Given records Start Marker

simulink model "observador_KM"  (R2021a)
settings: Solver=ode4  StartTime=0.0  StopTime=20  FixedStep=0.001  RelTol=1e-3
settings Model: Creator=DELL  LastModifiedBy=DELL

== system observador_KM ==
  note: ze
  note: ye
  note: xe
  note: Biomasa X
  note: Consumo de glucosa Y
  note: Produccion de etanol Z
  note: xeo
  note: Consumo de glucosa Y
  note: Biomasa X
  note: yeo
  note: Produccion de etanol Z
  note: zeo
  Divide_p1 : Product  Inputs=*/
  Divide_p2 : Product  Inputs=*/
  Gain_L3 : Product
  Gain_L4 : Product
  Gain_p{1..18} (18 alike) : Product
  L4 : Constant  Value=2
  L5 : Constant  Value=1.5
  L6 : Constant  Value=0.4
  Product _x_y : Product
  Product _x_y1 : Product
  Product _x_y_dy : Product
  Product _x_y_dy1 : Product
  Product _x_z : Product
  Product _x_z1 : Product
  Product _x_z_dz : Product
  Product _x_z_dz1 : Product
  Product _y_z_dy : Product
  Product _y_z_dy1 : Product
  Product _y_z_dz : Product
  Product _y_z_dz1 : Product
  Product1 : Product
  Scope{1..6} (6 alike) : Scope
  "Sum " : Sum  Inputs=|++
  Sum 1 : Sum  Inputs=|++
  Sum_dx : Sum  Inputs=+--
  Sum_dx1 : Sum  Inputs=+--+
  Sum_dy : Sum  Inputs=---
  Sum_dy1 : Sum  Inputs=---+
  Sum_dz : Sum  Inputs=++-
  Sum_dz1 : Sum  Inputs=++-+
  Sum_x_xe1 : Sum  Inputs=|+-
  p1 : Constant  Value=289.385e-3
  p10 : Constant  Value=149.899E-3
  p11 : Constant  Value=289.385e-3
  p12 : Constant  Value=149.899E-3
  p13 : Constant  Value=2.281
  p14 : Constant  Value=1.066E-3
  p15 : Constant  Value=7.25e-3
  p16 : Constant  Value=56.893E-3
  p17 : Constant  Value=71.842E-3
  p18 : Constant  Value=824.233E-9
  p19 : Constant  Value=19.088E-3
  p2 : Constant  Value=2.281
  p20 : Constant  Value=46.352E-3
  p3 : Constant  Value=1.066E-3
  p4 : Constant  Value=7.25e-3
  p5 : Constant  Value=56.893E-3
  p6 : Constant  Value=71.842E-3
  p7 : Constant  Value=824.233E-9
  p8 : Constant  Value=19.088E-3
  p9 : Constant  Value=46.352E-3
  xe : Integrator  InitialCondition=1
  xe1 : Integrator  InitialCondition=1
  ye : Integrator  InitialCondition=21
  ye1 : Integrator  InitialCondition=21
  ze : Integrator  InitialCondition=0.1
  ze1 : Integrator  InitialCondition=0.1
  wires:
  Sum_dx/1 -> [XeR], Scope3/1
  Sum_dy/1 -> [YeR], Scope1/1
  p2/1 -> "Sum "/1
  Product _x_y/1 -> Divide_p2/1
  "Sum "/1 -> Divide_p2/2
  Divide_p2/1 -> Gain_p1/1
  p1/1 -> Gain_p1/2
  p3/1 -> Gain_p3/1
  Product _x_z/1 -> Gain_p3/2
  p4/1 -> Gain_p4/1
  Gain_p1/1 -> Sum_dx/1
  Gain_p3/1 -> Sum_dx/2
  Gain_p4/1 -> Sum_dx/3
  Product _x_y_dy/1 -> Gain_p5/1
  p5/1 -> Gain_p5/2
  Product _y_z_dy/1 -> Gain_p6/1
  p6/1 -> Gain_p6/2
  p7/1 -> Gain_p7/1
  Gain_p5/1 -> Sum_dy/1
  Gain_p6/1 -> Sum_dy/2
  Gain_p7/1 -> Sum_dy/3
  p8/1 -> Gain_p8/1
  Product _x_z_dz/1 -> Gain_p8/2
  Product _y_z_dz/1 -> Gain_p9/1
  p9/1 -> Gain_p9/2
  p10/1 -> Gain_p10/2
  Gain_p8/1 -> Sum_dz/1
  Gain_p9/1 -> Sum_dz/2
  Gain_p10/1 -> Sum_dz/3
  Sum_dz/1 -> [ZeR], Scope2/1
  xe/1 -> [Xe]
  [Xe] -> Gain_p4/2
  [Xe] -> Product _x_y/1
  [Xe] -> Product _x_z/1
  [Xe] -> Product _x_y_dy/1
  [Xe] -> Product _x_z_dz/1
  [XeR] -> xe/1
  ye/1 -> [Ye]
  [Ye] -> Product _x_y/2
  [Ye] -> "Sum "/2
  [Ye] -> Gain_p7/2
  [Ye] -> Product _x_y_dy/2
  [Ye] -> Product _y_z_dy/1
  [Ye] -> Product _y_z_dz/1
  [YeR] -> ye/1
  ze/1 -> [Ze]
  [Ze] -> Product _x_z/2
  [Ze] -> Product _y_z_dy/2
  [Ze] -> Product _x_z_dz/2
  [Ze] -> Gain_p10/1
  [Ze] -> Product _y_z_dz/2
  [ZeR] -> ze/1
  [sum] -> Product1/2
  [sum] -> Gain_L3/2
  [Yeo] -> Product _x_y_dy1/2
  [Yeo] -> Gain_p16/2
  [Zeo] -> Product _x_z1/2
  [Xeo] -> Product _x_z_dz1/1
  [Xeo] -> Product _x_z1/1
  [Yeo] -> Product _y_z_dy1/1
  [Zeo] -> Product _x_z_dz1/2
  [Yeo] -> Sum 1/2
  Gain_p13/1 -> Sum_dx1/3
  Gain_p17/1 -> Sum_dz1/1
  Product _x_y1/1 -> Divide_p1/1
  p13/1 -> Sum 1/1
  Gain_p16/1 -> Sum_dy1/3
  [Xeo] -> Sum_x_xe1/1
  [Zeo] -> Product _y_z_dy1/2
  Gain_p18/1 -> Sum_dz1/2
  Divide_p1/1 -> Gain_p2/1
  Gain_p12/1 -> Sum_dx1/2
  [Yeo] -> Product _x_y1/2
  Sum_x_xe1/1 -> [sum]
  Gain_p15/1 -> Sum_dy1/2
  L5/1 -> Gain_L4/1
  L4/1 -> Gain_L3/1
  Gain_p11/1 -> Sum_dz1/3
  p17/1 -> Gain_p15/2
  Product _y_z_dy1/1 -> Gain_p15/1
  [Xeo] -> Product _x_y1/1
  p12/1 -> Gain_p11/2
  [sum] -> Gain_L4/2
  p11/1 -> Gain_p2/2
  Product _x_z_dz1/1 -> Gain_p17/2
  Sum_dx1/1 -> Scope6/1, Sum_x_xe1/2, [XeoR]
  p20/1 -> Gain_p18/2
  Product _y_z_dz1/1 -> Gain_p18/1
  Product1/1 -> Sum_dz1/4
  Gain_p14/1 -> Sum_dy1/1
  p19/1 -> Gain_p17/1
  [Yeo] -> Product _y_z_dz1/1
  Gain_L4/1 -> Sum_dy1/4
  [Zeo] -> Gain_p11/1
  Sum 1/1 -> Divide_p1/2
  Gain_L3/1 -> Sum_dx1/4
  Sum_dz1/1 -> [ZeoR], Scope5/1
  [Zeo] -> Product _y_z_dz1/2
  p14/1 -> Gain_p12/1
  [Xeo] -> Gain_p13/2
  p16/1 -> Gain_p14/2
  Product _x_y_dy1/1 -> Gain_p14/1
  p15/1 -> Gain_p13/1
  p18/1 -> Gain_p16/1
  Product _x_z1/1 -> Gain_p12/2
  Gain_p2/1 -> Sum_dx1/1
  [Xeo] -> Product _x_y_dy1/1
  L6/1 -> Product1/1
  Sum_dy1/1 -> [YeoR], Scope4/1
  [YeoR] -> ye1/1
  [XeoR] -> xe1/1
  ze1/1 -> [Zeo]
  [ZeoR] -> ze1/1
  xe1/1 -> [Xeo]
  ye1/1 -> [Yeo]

Given records End Marker

What is expected
Please write out, exactly as they appear above, only the lines in the stretch from the line with "[Yeo] -> Product _x_y_dy1/2" through the line with "Gain_p15/1 -> Sum_dy1/2".

Solution to this task
  [Yeo] -> Product _x_y_dy1/2
  [Yeo] -> Gain_p16/2
  [Zeo] -> Product _x_z1/2
  [Xeo] -> Product _x_z_dz1/1
  [Xeo] -> Product _x_z1/1
  [Yeo] -> Product _y_z_dy1/1
  [Zeo] -> Product _x_z_dz1/2
  [Yeo] -> Sum 1/2
  Gain_p13/1 -> Sum_dx1/3
  Gain_p17/1 -> Sum_dz1/1
  Product _x_y1/1 -> Divide_p1/1
  p13/1 -> Sum 1/1
  Gain_p16/1 -> Sum_dy1/3
  [Xeo] -> Sum_x_xe1/1
  [Zeo] -> Product _y_z_dy1/2
  Gain_p18/1 -> Sum_dz1/2
  Divide_p1/1 -> Gain_p2/1
  Gain_p12/1 -> Sum_dx1/2
  [Yeo] -> Product _x_y1/2
  Sum_x_xe1/1 -> [sum]
  Gain_p15/1 -> Sum_dy1/2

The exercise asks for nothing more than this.